SAP npm Packages Compromised in Sophisticated Supply Chain Attack
In a recent and alarming development, a supply chain attack, termed mini Shai Hulud, has infiltrated the npm ecosystem by compromising four SAP-related packages. These packages—`@cap-js/sqlite`, `@cap-js/postgres`, `@cap-js/db-service`, and `mbt`—were maliciously altered to include preinstall scripts that execute stealthily during dependency installation. This breach poses a significant threat to developer environments and Continuous Integration/Continuous Deployment (CI/CD) pipelines, aiming to harvest credentials from platforms such as GitHub, npm, and major cloud service providers.
Discovery and Analysis
Security experts from StepSecurity, Aikido Security, SafeDep, Socket, and Wiz identified that the compromised versions of these SAP Cloud Application Programming Model (CAP) ecosystem packages contained a weaponized `preinstall` hook within their `package.json` files. This hook initiates a multi-stage attack designed to evade detection and extract sensitive information.

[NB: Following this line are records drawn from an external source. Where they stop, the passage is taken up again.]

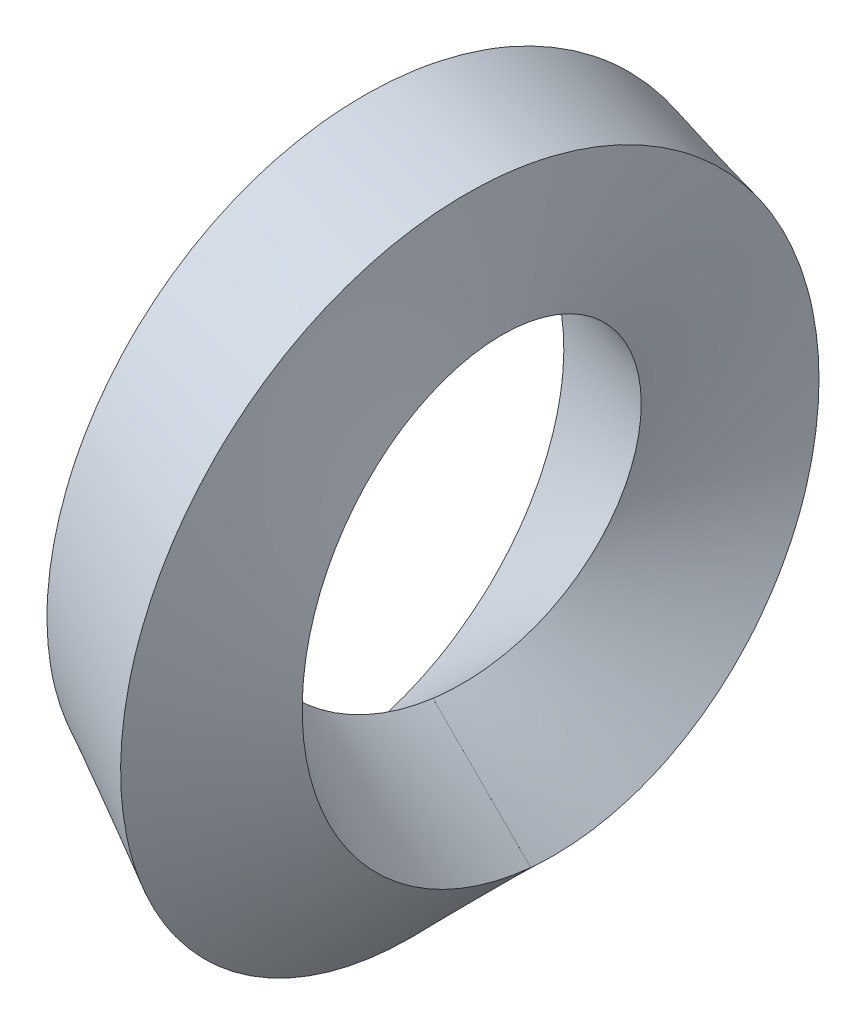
ISO-10303-21;
HEADER;
FILE_DESCRIPTION(('STEP AP214'),'2;1');
FILE_NAME('part.step','',(''),(''),'','','');
FILE_SCHEMA(('AUTOMOTIVE_DESIGN { 1 0 10303 214 1 1 1 1 }'));
ENDSEC;
DATA;
#1=APPLICATION_CONTEXT('core data for automotive mechanical design processes');
#2=APPLICATION_PROTOCOL_DEFINITION('international standard','automotive_design',2000,#1);
#3=PRODUCT_CONTEXT('',#1,'mechanical');
#4=PRODUCT('Part','Part','',(#3));
#5=PRODUCT_RELATED_PRODUCT_CATEGORY('part','',(#4));
#6=PRODUCT_DEFINITION_FORMATION('','',#4);
#7=PRODUCT_DEFINITION_CONTEXT('part definition',#1,'design');
#8=PRODUCT_DEFINITION('design','',#6,#7);
#9=PRODUCT_DEFINITION_SHAPE('','',#8);
#10=(LENGTH_UNIT() NAMED_UNIT(*) SI_UNIT(.MILLI.,.METRE.));
#11=(NAMED_UNIT(*) PLANE_ANGLE_UNIT() SI_UNIT($,.RADIAN.));
#12=(NAMED_UNIT(*) SI_UNIT($,.STERADIAN.) SOLID_ANGLE_UNIT());
#13=UNCERTAINTY_MEASURE_WITH_UNIT(LENGTH_MEASURE(1.E-05),#10,'distance_accuracy_value','');
#14=(GEOMETRIC_REPRESENTATION_CONTEXT(3) GLOBAL_UNCERTAINTY_ASSIGNED_CONTEXT((#13)) GLOBAL_UNIT_ASSIGNED_CONTEXT((#10,
#11,#12)) REPRESENTATION_CONTEXT('',''));
#15=CARTESIAN_POINT('',(0.,0.,0.));
#16=DIRECTION('',(0.,0.,1.));
#17=DIRECTION('',(1.,0.,0.));
#18=AXIS2_PLACEMENT_3D('',#15,#16,#17);
#19=CARTESIAN_POINT('',(-0.000564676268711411,-77.4168021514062,0.00336312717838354));
#20=CARTESIAN_POINT('',(-6.02606842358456,-83.4423058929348,0.00366696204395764));
#21=CARTESIAN_POINT('',(-12.0515721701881,-89.4678096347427,0.00397938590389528));
#22=CARTESIAN_POINT('',(-18.0770759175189,-95.4933133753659,0.00430039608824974));
#23=CARTESIAN_POINT('',(-0.16250546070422,-77.4167241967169,1.0666477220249));
#24=CARTESIAN_POINT('',(-6.13597719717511,-83.4961999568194,1.29579136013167));
#25=CARTESIAN_POINT('',(-12.1065149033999,-89.5771828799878,1.52160507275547));
#26=CARTESIAN_POINT('',(-18.0770601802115,-95.6580541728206,1.74629977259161));
#27=CARTESIAN_POINT('',(-0.656271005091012,-77.2471295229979,4.30888083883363));
#28=CARTESIAN_POINT('',(-6.46168044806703,-83.4530644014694,5.20668321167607));
#29=CARTESIAN_POINT('',(-12.265908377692,-89.659605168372,6.10314967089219));
#30=CARTESIAN_POINT('',(-18.0701395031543,-95.8660998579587,6.99916925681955));
#31=CARTESIAN_POINT('',(-1.64168047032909,-75.8921358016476,10.685110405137));
#32=CARTESIAN_POINT('',(-7.09933838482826,-82.1046209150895,13.0066477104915));
#33=CARTESIAN_POINT('',(-12.5573089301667,-88.3169426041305,15.3285487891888));
#34=CARTESIAN_POINT('',(-18.0152790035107,-94.5292738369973,17.6505749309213));
#35=CARTESIAN_POINT('',(-2.77632983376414,-72.4264595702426,17.4798744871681));
#36=CARTESIAN_POINT('',(-7.80873282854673,-78.129069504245,21.4864433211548));
#37=CARTESIAN_POINT('',(-12.8411338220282,-83.8316759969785,25.4930169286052));
#38=CARTESIAN_POINT('',(-17.8735352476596,-89.5342797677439,29.4995930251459));
#39=CARTESIAN_POINT('',(-3.89475143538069,-67.3502101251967,23.1397736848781));
#40=CARTESIAN_POINT('',(-8.48221528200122,-72.0414241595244,28.6545350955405));
#41=CARTESIAN_POINT('',(-13.0696788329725,-76.7326326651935,34.1693017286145));
#42=CARTESIAN_POINT('',(-17.6571428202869,-81.4238383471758,39.6840704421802));
#43=CARTESIAN_POINT('',(-4.84517665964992,-62.031628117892,27.0234123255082));
#44=CARTESIAN_POINT('',(-9.03671738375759,-65.5378492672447,33.6304817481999));
#45=CARTESIAN_POINT('',(-13.2282575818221,-69.0440643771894,40.2375545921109));
#46=CARTESIAN_POINT('',(-17.4197981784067,-72.5502764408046,46.8446287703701));
#47=CARTESIAN_POINT('',(-5.78151499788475,-55.9683133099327,29.7414535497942));
#48=CARTESIAN_POINT('',(-9.56499918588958,-58.0283439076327,37.1583488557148));
#49=CARTESIAN_POINT('',(-13.3484829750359,-60.0883682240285,44.5752460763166));
#50=CARTESIAN_POINT('',(-17.1319670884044,-62.1483892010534,51.9921440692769));
#51=CARTESIAN_POINT('',(-6.70101536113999,-49.4033899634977,31.1531082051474));
#52=CARTESIAN_POINT('',(-10.0654851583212,-49.8291954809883,39.0348161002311));
#53=CARTESIAN_POINT('',(-13.4299546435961,-50.2549949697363,46.9165244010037));
#54=CARTESIAN_POINT('',(-16.794424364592,-50.6807908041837,54.7982328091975));
#55=CARTESIAN_POINT('',(-7.60092774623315,-42.6070767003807,31.1656259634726));
#56=CARTESIAN_POINT('',(-10.5365999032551,-41.2985104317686,39.1244788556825));
#57=CARTESIAN_POINT('',(-13.4722718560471,-39.9899387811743,47.0833308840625));
#58=CARTESIAN_POINT('',(-16.4079439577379,-38.6813633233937,55.042182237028));
#59=CARTESIAN_POINT('',(-8.4785017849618,-35.8677629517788,29.7398487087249));
#60=CARTESIAN_POINT('',(-10.9767675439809,-32.821779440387,37.3687720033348));
#61=CARTESIAN_POINT('',(-13.4750331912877,-29.7757915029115,44.997693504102));
#62=CARTESIAN_POINT('',(-15.9732989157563,-26.7297999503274,52.6266135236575));
#63=CARTESIAN_POINT('',(-9.33098689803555,-29.4818301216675,26.8942236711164));
#64=CARTESIAN_POINT('',(-11.3844133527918,-24.7954786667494,33.7918271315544));
#65=CARTESIAN_POINT('',(-13.4378397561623,-20.1091239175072,40.6894282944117));
#66=CARTESIAN_POINT('',(-15.4912661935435,-15.4227662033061,47.587027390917));
#67=CARTESIAN_POINT('',(-10.1560122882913,-23.7431306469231,22.7063314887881));
#68=CARTESIAN_POINT('',(-11.7585261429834,-17.6096586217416,28.5024741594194));
#69=CARTESIAN_POINT('',(-13.3610399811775,-11.4761844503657,34.2986144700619));
#70=CARTESIAN_POINT('',(-14.9635538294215,-5.34270822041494,40.0947525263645));
#71=CARTESIAN_POINT('',(-11.0872476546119,-18.1076657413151,16.3917929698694));
#72=CARTESIAN_POINT('',(-12.1561837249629,-10.6064457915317,20.5285488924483));
#73=CARTESIAN_POINT('',(-13.2251197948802,-3.10522488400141,24.6653028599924));
#74=CARTESIAN_POINT('',(-14.2940558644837,4.39599699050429,28.8020548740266));
#75=CARTESIAN_POINT('',(-11.9675595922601,-14.2314646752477,8.61887678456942));
#76=CARTESIAN_POINT('',(-12.5000531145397,-5.88331924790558,10.7486384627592));
#77=CARTESIAN_POINT('',(-13.0325466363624,2.46482634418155,12.8783990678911));
#78=CARTESIAN_POINT('',(-13.5650401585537,10.8129721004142,15.0081586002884));
#79=CARTESIAN_POINT('',(-12.7931190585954,-12.5072091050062,-0.0148226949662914));
#80=CARTESIAN_POINT('',(-12.7892011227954,-3.91550522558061,-0.0312331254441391));
#81=CARTESIAN_POINT('',(-12.7852831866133,4.67619858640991,-0.0476435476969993));
#82=CARTESIAN_POINT('',(-12.7813652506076,13.2679023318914,-0.0640539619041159));
#83=CARTESIAN_POINT('',(-13.4658055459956,-12.6337937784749,-7.74213430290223));
#84=CARTESIAN_POINT('',(-13.0004304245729,-4.25963551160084,-9.60389036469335));
#85=CARTESIAN_POINT('',(-12.535055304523,4.11452289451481,-11.4656454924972));
#86=CARTESIAN_POINT('',(-12.069680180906,12.4886814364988,-13.3273997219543));
#87=CARTESIAN_POINT('',(-14.0991334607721,-14.4354727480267,-15.4236014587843));
#88=CARTESIAN_POINT('',(-13.1736793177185,-6.6925884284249,-19.0273792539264));
#89=CARTESIAN_POINT('',(-12.2482251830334,1.05029661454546,-22.63115534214));
#90=CARTESIAN_POINT('',(-11.3227710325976,8.79318233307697,-26.2349298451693));
#91=CARTESIAN_POINT('',(-14.6913010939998,-17.9034332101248,-22.6979934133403));
#92=CARTESIAN_POINT('',(-13.3084971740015,-11.1673420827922,-27.8449773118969));
#93=CARTESIAN_POINT('',(-11.9256932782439,-4.43124934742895,-32.9919590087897));
#94=CARTESIAN_POINT('',(-10.5428893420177,2.30484480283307,-38.1389387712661));
#95=CARTESIAN_POINT('',(-15.3342854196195,-23.812466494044,-30.3150232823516));
#96=CARTESIAN_POINT('',(-13.4208146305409,-18.6238763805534,-36.9391040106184));
#97=CARTESIAN_POINT('',(-11.5073438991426,-13.4352834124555,-43.5631823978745));
#98=CARTESIAN_POINT('',(-9.59387307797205,-8.24668813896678,-50.1872588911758));
#99=CARTESIAN_POINT('',(-15.909195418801,-31.7793235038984,-36.264754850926));
#100=CARTESIAN_POINT('',(-13.474974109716,-28.4794971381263,-43.8496376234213));
#101=CARTESIAN_POINT('',(-11.0407529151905,-25.1796666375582,-51.4345185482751));
#102=CARTESIAN_POINT('',(-8.60653155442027,-21.8798332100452,-59.0193981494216));
#103=CARTESIAN_POINT('',(-16.4877306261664,-42.5845661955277,-40.479815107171));
#104=CARTESIAN_POINT('',(-13.47065782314,-41.6013689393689,-48.4955476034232));
#105=CARTESIAN_POINT('',(-10.4535852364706,-40.6181664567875,-56.5112794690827));
#106=CARTESIAN_POINT('',(-7.43651235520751,-39.6349610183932,-64.5270108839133));
#107=CARTESIAN_POINT('',(-16.9868972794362,-54.5716266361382,-41.6995211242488));
#108=CARTESIAN_POINT('',(-13.3997213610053,-55.9028628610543,-49.461134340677));
#109=CARTESIAN_POINT('',(-9.81254577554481,-57.2340933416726,-57.2227486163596));
#110=CARTESIAN_POINT('',(-6.22536976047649,-58.5653213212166,-64.984363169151));
#111=CARTESIAN_POINT('',(-17.3845373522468,-66.641026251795,-38.9497173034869));
#112=CARTESIAN_POINT('',(-13.2515695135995,-69.9751714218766,-45.7206673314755));
#113=CARTESIAN_POINT('',(-9.11860208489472,-73.3093110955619,-52.4916202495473));
#114=CARTESIAN_POINT('',(-4.98563412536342,-76.6434486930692,-59.2625738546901));
#115=CARTESIAN_POINT('',(-17.6595759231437,-76.3652228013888,-33.6952126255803));
#116=CARTESIAN_POINT('',(-13.066473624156,-81.0719594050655,-39.1918910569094));
#117=CARTESIAN_POINT('',(-8.47337206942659,-85.7786916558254,-44.6885740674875));
#118=CARTESIAN_POINT('',(-3.88027008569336,-90.4854220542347,-50.1852582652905));
#119=CARTESIAN_POINT('',(-17.8447529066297,-83.7104096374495,-27.3432549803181));
#120=CARTESIAN_POINT('',(-12.8694079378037,-89.2815475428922,-31.541131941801));
#121=CARTESIAN_POINT('',(-7.89405373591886,-94.852668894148,-35.7390079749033));
#122=CARTESIAN_POINT('',(-2.91869539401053,-100.423783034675,-39.9368872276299));
#123=CARTESIAN_POINT('',(-17.9741220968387,-89.4668070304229,-19.6093067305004));
#124=CARTESIAN_POINT('',(-12.6414156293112,-95.5405251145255,-22.433494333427));
#125=CARTESIAN_POINT('',(-7.30876820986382,-101.614317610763,-25.2577277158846));
#126=CARTESIAN_POINT('',(-1.97614249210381,-107.688139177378,-28.0819573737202));
#127=CARTESIAN_POINT('',(-18.0358448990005,-92.6246132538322,-12.7363823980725));
#128=CARTESIAN_POINT('',(-12.4393687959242,-98.8305860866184,-14.4890764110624));
#129=CARTESIAN_POINT('',(-6.84330773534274,-105.037102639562,-16.2420550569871));
#130=CARTESIAN_POINT('',(-1.24740262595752,-111.243837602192,-17.9949881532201));
#131=CARTESIAN_POINT('',(-18.0604295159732,-94.0985208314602,-7.88341281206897));
#132=CARTESIAN_POINT('',(-12.2937508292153,-100.288533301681,-8.93064719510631));
#133=CARTESIAN_POINT('',(-6.52680324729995,-106.478190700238,-9.97770942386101));
#134=CARTESIAN_POINT('',(-0.759754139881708,-112.667704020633,-11.0248107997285));
#135=CARTESIAN_POINT('',(-18.0697869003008,-94.7514620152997,-5.09773633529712));
#136=CARTESIAN_POINT('',(-12.2090560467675,-100.903866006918,-5.77121951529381));
#137=CARTESIAN_POINT('',(-6.34902363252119,-107.057187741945,-6.4451777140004));
#138=CARTESIAN_POINT('',(-0.489254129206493,-113.210879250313,-7.11905781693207));
#139=CARTESIAN_POINT('',(-18.0748415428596,-95.1993142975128,-2.60355165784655));
#140=CARTESIAN_POINT('',(-12.132259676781,-101.303914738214,-2.90711407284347));
#141=CARTESIAN_POINT('',(-6.18704344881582,-107.405049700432,-3.20892318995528));
#142=CARTESIAN_POINT('',(-0.240834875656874,-113.504785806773,-3.51106154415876));
#143=CARTESIAN_POINT('',(-18.0759524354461,-95.4190313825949,-0.780752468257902));
#144=CARTESIAN_POINT('',(-12.0752158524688,-101.463289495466,-0.94313952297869));
#145=CARTESIAN_POINT('',(-6.08018310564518,-107.515049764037,-1.10934915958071));
#146=CARTESIAN_POINT('',(-0.0872987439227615,-113.56983746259,-1.27487122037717));
#147=CARTESIAN_POINT('',(-18.0759465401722,-95.4933133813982,0.00416428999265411));
#148=CARTESIAN_POINT('',(-12.0504427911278,-101.518817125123,0.00437739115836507));
#149=CARTESIAN_POINT('',(-6.02493904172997,-107.544320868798,0.00458190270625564));
#150=CARTESIAN_POINT('',(0.000564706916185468,-113.569824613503,0.00477782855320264));
#151=B_SPLINE_SURFACE_WITH_KNOTS('',3,3,((#19,#20,#21,#22),(#23,#24,#25,#26),(#27,#28,#29,#30),
(#31,#32,#33,#34),(#35,#36,#37,#38),(#39,#40,#41,#42),(#43,#44,#45,#46),(#47,#48,#49,#50),(#51,
#52,#53,#54),(#55,#56,#57,#58),(#59,#60,#61,#62),(#63,#64,#65,#66),(#67,#68,#69,#70),(#71,#72,
#73,#74),(#75,#76,#77,#78),(#79,#80,#81,#82),(#83,#84,#85,#86),(#87,#88,#89,#90),(#91,#92,#93,
#94),(#95,#96,#97,#98),(#99,#100,#101,#102),(#103,#104,#105,#106),(#107,#108,#109,#110),(#111,
#112,#113,#114),(#115,#116,#117,#118),(#119,#120,#121,#122),(#123,#124,#125,#126),(#127,#128,
#129,#130),(#131,#132,#133,#134),(#135,#136,#137,#138),(#139,#140,#141,#142),(#143,#144,#145,
#146),(#147,#148,#149,#150)),.UNSPECIFIED.,.F.,.F.,.F.,(4,1,1,1,1,1,1,1,1,1,1,1,1,1,1,1,1,1,1,1,
1,1,1,1,1,1,1,1,1,1,4),(4,4),(0.,0.0140653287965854,0.0424527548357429,0.085665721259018,
0.114949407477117,0.144633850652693,0.174735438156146,0.205269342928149,0.23624953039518,
0.267688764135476,0.29959858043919,0.331989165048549,0.364869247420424,0.415122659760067,
0.449255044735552,0.483895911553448,0.519047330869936,0.554709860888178,0.590882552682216,
0.646092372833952,0.68352648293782,0.740603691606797,0.79876802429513,0.838131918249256,
0.877952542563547,0.91821686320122,0.95549022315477,0.969127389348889,0.979395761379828,
0.98968947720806,1.),(0.,1.),.UNSPECIFIED.);
#152=CARTESIAN_POINT('',(0.000564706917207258,-113.569824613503,0.00477782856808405));
#153=CARTESIAN_POINT('',(-0.752623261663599,-112.816636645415,0.00475333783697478));
#154=CARTESIAN_POINT('',(-1.50581123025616,-112.063448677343,0.00472871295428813));
#155=CARTESIAN_POINT('',(-3.01218716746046,-110.557072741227,0.00467919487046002));
#156=CARTESIAN_POINT('',(-3.7653751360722,-109.803884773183,0.00465430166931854));
#157=CARTESIAN_POINT('',(-5.27175107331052,-108.297508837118,0.00460424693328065));
#158=CARTESIAN_POINT('',(-6.02493904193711,-107.544320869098,0.00457908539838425));
#159=CARTESIAN_POINT('',(-7.53131497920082,-106.037944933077,0.00452849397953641));
#160=CARTESIAN_POINT('',(-8.28450294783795,-105.284756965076,0.00450306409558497));
#161=CARTESIAN_POINT('',(-9.79087888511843,-103.77838102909,0.00445193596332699));
#162=CARTESIAN_POINT('',(-10.5440668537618,-103.025193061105,0.00442623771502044));
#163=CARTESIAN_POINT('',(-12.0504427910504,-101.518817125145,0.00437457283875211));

Evasion Techniques and Payload Execution
Unlike previous attacks that utilized Node.js for payload execution, this campaign employs a novel approach by downloading the Bun JavaScript runtime during the installation process. The initial dropper script, `setup.mjs`, fetches and executes a heavily obfuscated 11 MB second-stage payload named `execution.js`. This method effectively bypasses traditional security tools focused on Node.js execution patterns, making detection more challenging.
Credential Theft Mechanism
Once activated, `execution.js` operates as a comprehensive credential stealer and self-propagation framework. Its capabilities include:
– Harvesting Developer Credentials: Extracting GitHub tokens and npm credentials from developer workstations.
– Cloud Service Secrets: Collecting environment variables and secrets from AWS, Azure, and Google Cloud Platform (GCP).
– Kubernetes Access Tokens: Retrieving Kubernetes tokens and service account credentials.
– CI/CD Pipeline Secrets: Accessing GitHub Actions secrets, including runtime secrets directly from the runner’s memory.
The stolen data is encrypted and exfiltrated to attacker-controlled public GitHub repositories, mirroring the exfiltration methods observed in the original Shai-Hulud campaign.
Self-Propagation Strategy
The malware exhibits self-propagating behavior by utilizing stolen npm tokens to identify other packages associated with the compromised maintainer’s account. It injects malicious code into these packages and republishes them, facilitating exponential spread across the npm ecosystem without direct intervention from the attackers.
Geofencing and Targeted Execution
A notable feature of this malware is its geofencing capability. During initialization, it checks the system’s date/time locale settings and environment language variables for values beginning with ‘ru’. If the system is configured for the Russian language, the malware self-terminates, ensuring no data is exfiltrated from Russian-speaking environments. This deliberate exclusion is a recurring characteristic in campaigns attributed to the threat actor group known as TeamPCP.
Attribution to TeamPCP
Researchers have attributed this campaign to TeamPCP with high confidence, citing multiple overlapping technical signatures with previously documented operations targeting packages such as Trivy, LiteLLM, and Checkmarx KICS. Key indicators supporting this attribution include:
– Consistent Encoding Techniques: Use of the `__decodeScrambled` cipher to encode secrets before exfiltration.
– Geofencing Logic: Implementation of Russian-language early-exit logic to avoid targeting Russian-speaking systems.
– Shared Dropper Script: Presence of an identical dropper script (`setup.mjs`) across all compromised packages.
– Infrastructure Abuse Patterns: Utilization of install-time execution, off-host exfiltration, and self-propagation mechanisms.
Implications and Recommendations
This attack underscores the critical need for vigilance in managing software supply chains. Developers and organizations are urged to:
– Audit Dependencies: Regularly review and verify the integrity of all dependencies, especially those from third-party sources.
– Monitor for Anomalies: Implement monitoring tools to detect unusual behaviors during package installation and execution.
– Rotate Credentials: Promptly rotate any credentials that may have been exposed to mitigate potential unauthorized access.
– Enhance Security Practices: Adopt security best practices, including the principle of least privilege, to minimize the impact of potential breaches.
By taking these proactive measures, developers and organizations can better protect their environments from sophisticated supply chain attacks like the one targeting SAP npm packages.